_What is needed_. Leave the pictures out and write out exactly the lines from the top of the entries through the line containing "Line((-3, -54.078212291), (-149.757649478, -58.570793397))".

Items from a dataset:
####################

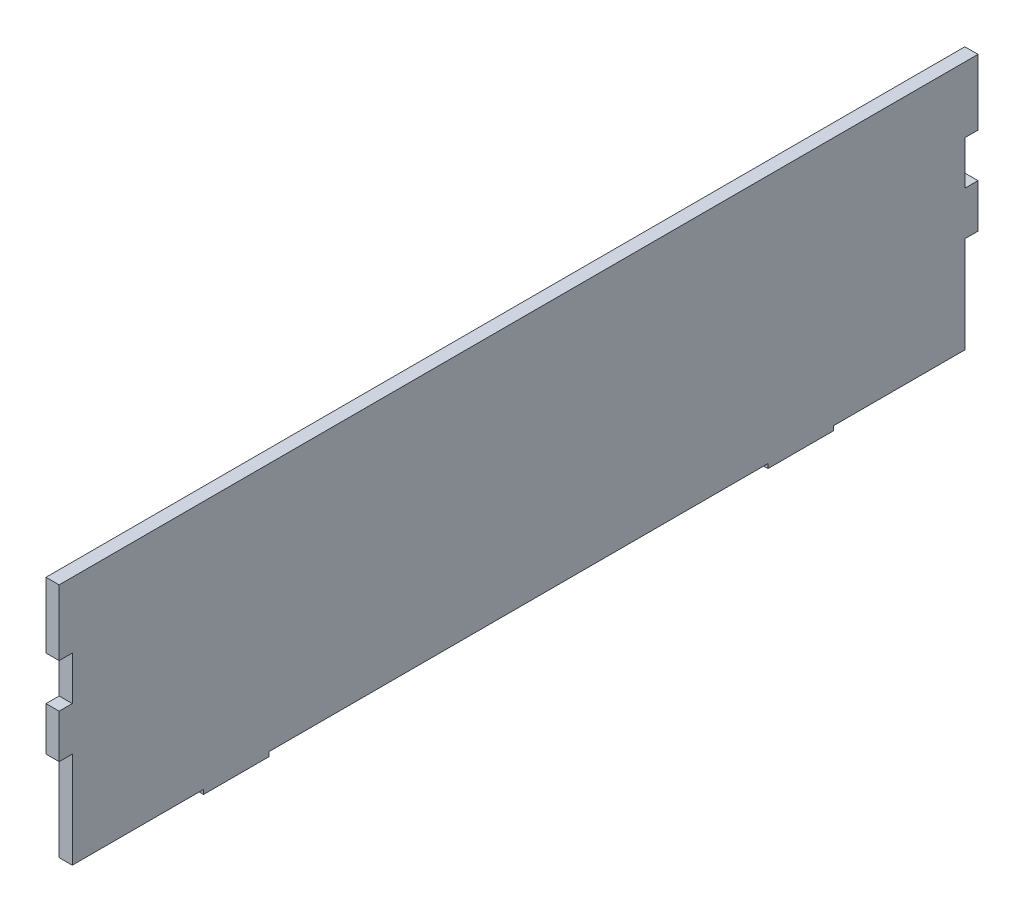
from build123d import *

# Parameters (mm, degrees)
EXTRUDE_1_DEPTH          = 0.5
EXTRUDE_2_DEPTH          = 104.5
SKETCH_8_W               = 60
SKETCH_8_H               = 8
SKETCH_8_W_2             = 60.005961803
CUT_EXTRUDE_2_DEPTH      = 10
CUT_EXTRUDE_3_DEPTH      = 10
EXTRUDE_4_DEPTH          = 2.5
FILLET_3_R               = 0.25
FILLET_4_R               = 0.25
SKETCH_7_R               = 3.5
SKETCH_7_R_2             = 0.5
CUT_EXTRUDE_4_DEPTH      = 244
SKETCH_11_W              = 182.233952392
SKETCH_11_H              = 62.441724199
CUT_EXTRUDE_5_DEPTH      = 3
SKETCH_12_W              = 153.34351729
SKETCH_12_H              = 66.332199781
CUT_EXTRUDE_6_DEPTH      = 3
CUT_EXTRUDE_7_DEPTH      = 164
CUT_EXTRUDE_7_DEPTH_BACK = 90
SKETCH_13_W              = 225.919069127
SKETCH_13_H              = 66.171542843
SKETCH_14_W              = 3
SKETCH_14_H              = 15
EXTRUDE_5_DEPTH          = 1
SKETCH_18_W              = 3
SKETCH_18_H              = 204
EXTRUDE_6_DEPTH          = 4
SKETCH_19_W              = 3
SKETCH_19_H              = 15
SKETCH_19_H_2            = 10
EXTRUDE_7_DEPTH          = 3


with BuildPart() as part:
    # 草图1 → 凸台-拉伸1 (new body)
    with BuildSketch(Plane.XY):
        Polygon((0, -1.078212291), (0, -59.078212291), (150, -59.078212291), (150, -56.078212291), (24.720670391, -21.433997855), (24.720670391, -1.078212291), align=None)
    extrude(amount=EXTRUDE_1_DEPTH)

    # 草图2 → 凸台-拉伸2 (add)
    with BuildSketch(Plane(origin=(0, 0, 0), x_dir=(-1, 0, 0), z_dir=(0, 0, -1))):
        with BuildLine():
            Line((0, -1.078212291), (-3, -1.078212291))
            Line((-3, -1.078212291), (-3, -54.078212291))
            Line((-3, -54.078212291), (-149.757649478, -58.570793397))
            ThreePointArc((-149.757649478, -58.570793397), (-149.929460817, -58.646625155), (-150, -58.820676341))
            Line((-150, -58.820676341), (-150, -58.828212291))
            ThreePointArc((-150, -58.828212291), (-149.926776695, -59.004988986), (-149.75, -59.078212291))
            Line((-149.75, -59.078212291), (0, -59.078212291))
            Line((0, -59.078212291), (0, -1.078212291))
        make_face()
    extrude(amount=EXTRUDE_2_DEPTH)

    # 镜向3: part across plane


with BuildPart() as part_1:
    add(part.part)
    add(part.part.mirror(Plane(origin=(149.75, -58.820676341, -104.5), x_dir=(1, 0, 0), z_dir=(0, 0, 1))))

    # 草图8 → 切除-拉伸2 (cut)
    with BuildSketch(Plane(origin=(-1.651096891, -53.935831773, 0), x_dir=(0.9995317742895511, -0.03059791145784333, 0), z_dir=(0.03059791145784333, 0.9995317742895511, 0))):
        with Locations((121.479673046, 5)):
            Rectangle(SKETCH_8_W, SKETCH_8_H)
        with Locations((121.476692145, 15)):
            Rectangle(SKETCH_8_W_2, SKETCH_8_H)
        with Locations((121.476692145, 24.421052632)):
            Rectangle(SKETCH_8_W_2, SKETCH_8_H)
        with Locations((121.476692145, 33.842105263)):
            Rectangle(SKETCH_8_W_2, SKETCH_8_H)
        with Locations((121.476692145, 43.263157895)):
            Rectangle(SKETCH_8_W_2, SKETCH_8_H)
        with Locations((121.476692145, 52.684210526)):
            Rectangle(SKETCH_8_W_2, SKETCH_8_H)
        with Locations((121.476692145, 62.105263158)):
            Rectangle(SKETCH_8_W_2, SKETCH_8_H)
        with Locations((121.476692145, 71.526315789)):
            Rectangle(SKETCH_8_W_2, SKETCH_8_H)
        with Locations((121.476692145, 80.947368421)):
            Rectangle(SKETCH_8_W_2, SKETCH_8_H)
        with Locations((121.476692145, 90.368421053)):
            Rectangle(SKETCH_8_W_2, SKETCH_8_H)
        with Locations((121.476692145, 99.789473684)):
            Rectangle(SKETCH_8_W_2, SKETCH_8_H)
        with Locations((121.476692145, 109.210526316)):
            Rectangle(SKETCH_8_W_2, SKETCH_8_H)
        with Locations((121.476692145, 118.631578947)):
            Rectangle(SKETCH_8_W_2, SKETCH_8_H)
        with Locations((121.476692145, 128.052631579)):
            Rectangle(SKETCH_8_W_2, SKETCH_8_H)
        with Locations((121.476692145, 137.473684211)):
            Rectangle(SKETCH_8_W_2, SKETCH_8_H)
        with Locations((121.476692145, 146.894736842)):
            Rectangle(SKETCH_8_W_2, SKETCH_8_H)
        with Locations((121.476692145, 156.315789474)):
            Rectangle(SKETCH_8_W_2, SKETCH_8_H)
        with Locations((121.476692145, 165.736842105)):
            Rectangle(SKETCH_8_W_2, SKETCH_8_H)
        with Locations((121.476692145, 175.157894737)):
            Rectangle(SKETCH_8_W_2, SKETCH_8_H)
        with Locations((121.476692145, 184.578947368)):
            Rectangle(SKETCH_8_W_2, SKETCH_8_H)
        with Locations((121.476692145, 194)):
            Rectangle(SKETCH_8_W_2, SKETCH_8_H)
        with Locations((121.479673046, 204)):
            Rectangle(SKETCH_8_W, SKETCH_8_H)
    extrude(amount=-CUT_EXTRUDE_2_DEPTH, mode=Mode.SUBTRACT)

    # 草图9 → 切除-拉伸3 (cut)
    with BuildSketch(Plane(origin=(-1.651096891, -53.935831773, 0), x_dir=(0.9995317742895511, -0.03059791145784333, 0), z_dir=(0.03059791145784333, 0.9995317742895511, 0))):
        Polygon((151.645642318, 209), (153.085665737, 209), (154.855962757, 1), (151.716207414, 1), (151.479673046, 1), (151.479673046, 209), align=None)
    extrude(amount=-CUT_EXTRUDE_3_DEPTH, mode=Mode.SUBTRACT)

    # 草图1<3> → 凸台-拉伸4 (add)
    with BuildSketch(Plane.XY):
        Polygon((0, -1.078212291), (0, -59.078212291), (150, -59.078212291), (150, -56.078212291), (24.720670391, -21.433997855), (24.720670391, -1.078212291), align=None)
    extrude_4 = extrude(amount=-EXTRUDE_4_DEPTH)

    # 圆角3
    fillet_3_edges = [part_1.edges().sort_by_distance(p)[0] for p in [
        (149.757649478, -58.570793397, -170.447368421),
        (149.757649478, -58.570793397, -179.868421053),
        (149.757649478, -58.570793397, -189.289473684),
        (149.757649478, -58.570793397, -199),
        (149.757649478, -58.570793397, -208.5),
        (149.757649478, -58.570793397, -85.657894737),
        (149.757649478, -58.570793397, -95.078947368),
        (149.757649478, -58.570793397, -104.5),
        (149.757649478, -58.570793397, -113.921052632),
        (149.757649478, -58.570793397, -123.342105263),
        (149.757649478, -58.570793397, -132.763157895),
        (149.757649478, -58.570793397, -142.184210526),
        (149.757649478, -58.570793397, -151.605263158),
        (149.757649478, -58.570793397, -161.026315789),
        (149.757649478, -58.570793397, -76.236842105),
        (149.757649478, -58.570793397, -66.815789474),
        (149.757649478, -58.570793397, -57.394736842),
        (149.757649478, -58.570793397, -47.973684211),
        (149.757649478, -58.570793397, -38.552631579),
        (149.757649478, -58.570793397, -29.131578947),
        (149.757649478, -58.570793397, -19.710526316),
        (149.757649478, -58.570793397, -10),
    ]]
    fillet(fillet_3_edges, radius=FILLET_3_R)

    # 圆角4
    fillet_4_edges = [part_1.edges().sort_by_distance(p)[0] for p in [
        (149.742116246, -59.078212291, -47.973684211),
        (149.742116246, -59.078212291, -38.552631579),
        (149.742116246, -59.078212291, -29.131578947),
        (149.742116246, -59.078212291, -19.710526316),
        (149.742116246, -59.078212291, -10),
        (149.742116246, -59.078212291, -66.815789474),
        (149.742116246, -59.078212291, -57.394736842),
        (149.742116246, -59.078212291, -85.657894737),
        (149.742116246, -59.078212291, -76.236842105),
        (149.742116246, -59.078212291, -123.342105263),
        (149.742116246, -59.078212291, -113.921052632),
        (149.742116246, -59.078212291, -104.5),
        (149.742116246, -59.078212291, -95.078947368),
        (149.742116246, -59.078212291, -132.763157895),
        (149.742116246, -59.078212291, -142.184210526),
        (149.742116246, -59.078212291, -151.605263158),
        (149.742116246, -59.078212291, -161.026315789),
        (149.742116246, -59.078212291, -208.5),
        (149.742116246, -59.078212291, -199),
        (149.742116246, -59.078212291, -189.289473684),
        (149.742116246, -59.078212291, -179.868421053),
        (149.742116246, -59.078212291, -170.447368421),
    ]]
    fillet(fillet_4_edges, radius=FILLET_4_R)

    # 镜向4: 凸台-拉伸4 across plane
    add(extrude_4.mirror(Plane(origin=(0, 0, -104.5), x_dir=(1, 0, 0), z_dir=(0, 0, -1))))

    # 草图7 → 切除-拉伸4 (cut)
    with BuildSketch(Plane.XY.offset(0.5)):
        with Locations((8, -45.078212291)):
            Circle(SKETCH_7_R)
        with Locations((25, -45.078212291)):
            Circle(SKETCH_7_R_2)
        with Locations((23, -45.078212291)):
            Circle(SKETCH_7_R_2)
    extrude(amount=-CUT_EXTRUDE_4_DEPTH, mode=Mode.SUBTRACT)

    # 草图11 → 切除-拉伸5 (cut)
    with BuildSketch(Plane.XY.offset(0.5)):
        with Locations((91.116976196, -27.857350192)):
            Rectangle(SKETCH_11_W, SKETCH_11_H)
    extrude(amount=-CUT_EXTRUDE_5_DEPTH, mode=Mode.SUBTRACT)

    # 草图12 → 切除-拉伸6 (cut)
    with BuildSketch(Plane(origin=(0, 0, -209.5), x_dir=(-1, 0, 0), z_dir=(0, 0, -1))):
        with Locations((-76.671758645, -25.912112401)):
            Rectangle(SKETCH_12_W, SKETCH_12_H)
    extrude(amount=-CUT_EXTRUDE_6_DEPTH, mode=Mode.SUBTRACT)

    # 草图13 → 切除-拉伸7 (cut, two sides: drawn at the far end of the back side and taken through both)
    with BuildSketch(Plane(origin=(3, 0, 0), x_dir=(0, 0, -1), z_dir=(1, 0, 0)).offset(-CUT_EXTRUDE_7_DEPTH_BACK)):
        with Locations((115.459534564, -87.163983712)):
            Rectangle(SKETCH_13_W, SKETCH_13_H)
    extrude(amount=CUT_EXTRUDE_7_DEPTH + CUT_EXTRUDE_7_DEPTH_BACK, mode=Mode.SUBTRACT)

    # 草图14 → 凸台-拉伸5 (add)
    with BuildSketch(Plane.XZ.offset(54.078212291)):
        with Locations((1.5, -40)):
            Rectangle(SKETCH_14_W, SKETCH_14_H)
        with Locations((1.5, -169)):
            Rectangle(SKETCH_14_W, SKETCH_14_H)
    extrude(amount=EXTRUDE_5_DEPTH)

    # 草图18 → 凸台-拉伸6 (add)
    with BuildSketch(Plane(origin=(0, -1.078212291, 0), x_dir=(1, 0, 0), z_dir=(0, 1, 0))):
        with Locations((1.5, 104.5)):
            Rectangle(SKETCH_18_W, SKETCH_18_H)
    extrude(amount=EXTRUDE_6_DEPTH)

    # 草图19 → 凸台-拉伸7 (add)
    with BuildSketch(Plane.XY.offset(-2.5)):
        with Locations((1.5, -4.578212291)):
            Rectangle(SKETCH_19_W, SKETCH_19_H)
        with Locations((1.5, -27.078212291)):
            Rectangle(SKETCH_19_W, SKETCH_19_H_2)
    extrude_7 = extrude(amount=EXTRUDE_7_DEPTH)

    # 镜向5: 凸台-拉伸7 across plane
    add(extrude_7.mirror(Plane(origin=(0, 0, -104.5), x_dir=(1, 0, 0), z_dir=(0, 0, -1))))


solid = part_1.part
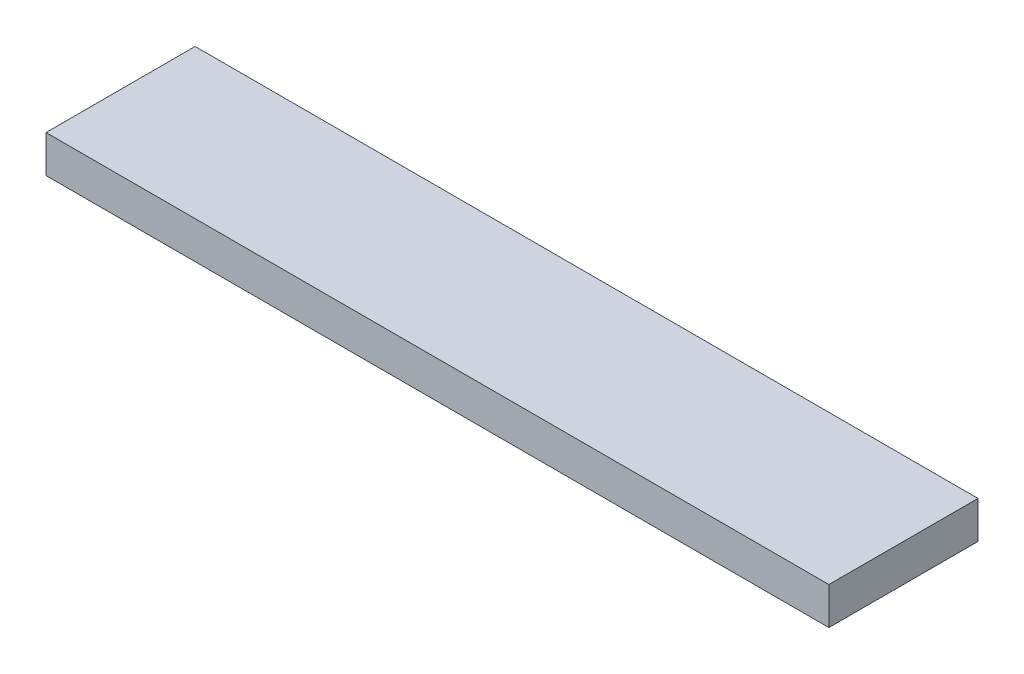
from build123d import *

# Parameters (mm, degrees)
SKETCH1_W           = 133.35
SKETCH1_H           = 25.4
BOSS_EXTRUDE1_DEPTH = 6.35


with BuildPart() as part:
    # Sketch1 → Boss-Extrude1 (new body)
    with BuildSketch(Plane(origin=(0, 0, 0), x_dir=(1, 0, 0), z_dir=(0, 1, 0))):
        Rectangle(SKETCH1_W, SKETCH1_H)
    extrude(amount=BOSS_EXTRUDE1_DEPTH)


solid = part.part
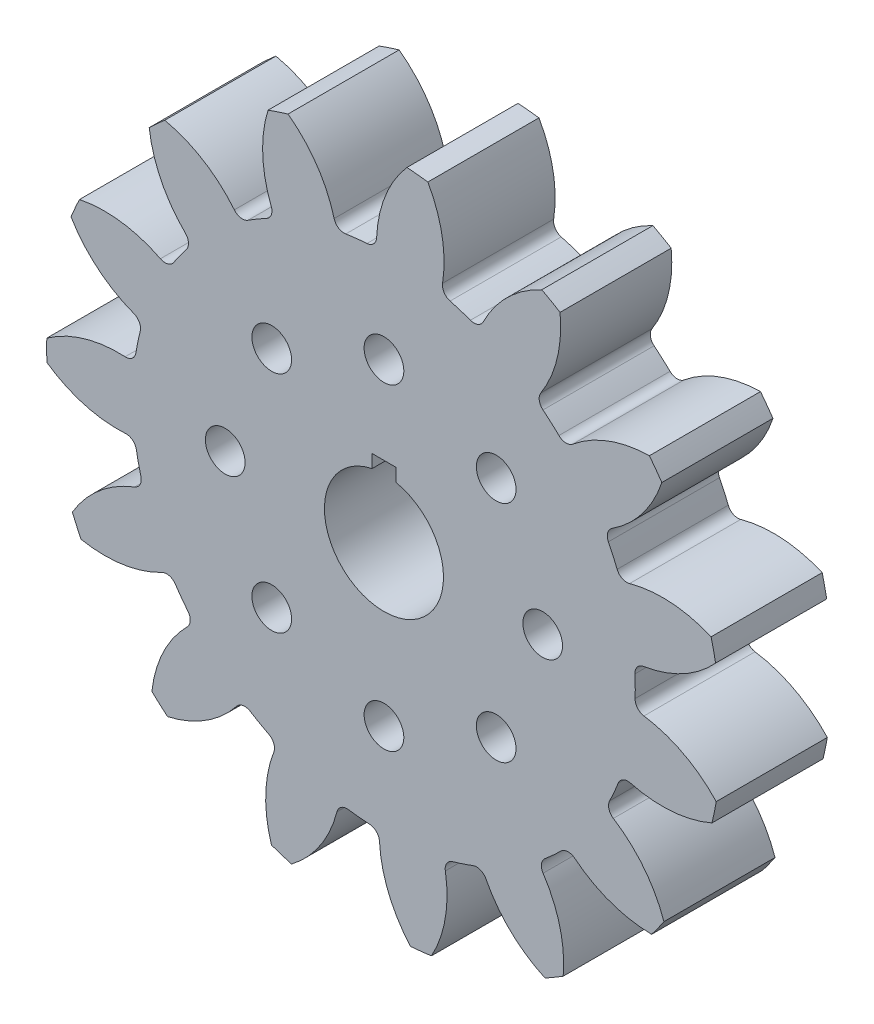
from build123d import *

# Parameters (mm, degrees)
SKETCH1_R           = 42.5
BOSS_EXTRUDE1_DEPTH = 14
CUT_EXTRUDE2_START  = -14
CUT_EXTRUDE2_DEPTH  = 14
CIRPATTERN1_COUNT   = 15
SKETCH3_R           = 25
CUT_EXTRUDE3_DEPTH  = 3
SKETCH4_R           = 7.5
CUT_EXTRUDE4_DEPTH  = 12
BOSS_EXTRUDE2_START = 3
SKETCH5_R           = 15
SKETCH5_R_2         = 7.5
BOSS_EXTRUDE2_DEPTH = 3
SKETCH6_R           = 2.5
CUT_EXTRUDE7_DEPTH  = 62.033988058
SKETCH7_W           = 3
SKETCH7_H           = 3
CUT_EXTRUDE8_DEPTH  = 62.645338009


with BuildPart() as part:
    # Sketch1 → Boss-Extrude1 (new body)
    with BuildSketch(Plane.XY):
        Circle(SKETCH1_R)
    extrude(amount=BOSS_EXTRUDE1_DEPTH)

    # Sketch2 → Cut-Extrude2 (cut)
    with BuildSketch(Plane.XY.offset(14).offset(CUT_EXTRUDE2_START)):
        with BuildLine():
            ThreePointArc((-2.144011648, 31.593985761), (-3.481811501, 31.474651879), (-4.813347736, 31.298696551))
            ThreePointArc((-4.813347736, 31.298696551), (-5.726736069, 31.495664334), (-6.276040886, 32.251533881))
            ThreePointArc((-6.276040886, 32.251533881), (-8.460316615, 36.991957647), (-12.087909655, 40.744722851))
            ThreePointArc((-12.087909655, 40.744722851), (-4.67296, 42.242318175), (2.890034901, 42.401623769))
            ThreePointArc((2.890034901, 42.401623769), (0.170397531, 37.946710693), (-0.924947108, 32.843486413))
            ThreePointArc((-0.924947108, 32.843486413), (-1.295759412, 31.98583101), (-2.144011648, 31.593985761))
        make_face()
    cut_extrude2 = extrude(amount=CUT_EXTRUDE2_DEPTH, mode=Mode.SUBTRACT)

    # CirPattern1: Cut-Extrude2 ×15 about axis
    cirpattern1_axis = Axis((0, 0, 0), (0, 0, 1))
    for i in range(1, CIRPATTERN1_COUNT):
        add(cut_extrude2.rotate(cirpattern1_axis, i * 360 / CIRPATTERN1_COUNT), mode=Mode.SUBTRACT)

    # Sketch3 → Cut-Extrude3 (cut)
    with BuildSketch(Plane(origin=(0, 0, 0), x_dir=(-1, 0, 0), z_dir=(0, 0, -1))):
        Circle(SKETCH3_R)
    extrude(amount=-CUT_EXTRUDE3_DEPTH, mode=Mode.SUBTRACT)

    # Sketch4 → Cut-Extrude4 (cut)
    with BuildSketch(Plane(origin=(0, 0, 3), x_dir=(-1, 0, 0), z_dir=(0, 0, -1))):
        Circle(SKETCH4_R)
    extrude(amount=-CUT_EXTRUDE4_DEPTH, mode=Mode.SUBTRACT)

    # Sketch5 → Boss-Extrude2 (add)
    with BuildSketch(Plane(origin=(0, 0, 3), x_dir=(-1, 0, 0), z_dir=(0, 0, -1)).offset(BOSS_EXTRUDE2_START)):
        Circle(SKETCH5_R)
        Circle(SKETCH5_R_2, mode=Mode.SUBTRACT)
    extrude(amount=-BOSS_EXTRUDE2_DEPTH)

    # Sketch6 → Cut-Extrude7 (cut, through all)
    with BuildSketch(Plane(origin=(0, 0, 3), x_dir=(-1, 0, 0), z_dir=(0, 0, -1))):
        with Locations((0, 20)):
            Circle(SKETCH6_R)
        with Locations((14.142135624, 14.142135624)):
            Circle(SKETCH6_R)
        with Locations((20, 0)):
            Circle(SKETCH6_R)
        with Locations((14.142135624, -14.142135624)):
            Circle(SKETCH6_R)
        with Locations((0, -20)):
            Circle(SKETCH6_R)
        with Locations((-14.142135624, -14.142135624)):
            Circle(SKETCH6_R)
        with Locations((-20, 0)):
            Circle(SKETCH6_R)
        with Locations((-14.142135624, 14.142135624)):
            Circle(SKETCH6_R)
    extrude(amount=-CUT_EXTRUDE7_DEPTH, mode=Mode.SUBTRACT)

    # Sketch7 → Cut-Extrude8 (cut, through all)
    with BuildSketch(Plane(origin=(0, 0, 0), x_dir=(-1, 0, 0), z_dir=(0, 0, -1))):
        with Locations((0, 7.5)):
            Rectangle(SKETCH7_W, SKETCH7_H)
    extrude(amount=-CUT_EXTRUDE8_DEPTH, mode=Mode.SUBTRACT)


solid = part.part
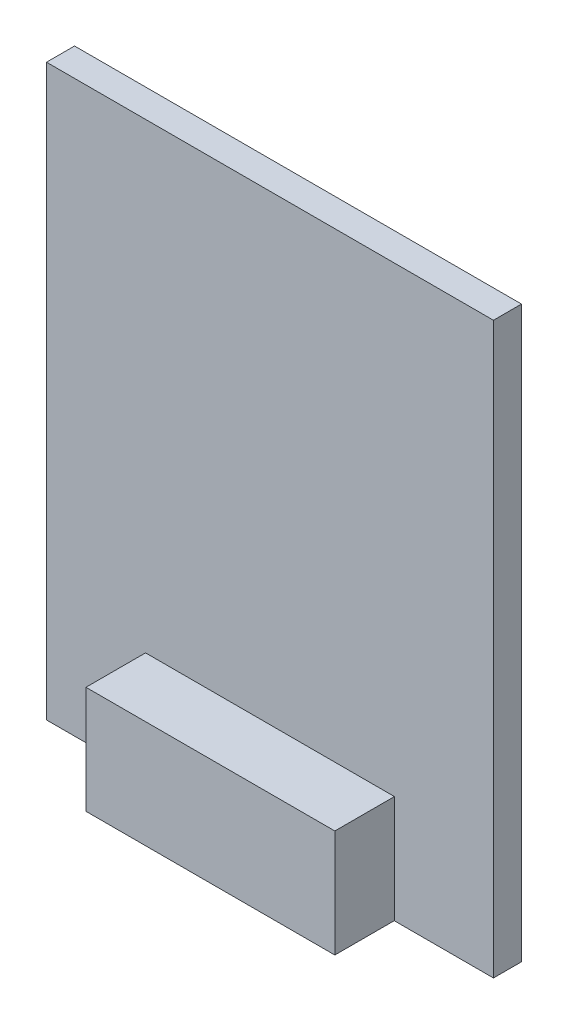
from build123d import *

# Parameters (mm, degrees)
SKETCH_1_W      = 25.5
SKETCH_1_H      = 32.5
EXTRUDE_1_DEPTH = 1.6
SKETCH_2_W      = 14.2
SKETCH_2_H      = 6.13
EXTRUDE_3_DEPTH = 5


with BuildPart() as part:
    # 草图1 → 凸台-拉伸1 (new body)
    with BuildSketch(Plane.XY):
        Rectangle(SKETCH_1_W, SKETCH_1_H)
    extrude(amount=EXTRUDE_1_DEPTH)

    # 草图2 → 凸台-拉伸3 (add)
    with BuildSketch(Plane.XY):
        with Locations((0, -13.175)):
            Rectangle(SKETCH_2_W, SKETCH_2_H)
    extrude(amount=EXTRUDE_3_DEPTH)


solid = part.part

####################

_Response box_.
from build123d import *

# Parameters (mm, degrees)
EXTRUDE_1_DEPTH          = 0.5
EXTRUDE_2_DEPTH          = 104.5
SKETCH_8_W               = 60
SKETCH_8_H               = 8
SKETCH_8_W_2             = 60.005961803
CUT_EXTRUDE_2_DEPTH      = 10
CUT_EXTRUDE_3_DEPTH      = 10
EXTRUDE_4_DEPTH          = 2.5
FILLET_3_R               = 0.25
FILLET_4_R               = 0.25
SKETCH_7_R               = 3.5
SKETCH_7_R_2             = 0.5
CUT_EXTRUDE_4_DEPTH      = 244
SKETCH_11_W              = 182.233952392
SKETCH_11_H              = 62.441724199
CUT_EXTRUDE_5_DEPTH      = 3
SKETCH_12_W              = 153.34351729
SKETCH_12_H              = 66.332199781
CUT_EXTRUDE_6_DEPTH      = 3
CUT_EXTRUDE_7_DEPTH      = 164
CUT_EXTRUDE_7_DEPTH_BACK = 90
SKETCH_13_W              = 225.919069127
SKETCH_13_H              = 66.171542843
SKETCH_14_W              = 3
SKETCH_14_H              = 15
EXTRUDE_5_DEPTH          = 1
SKETCH_18_W              = 3
SKETCH_18_H              = 204
EXTRUDE_6_DEPTH          = 4
SKETCH_19_W              = 3
SKETCH_19_H              = 15
SKETCH_19_H_2            = 10
EXTRUDE_7_DEPTH          = 3


with BuildPart() as part:
    # 草图1 → 凸台-拉伸1 (new body)
    with BuildSketch(Plane.XY):
        Polygon((0, -1.078212291), (0, -59.078212291), (150, -59.078212291), (150, -56.078212291), (24.720670391, -21.433997855), (24.720670391, -1.078212291), align=None)
    extrude(amount=EXTRUDE_1_DEPTH)

    # 草图2 → 凸台-拉伸2 (add)
    with BuildSketch(Plane(origin=(0, 0, 0), x_dir=(-1, 0, 0), z_dir=(0, 0, -1))):
        with BuildLine():
            Line((0, -1.078212291), (-3, -1.078212291))
            Line((-3, -1.078212291), (-3, -54.078212291))
            Line((-3, -54.078212291), (-149.757649478, -58.570793397))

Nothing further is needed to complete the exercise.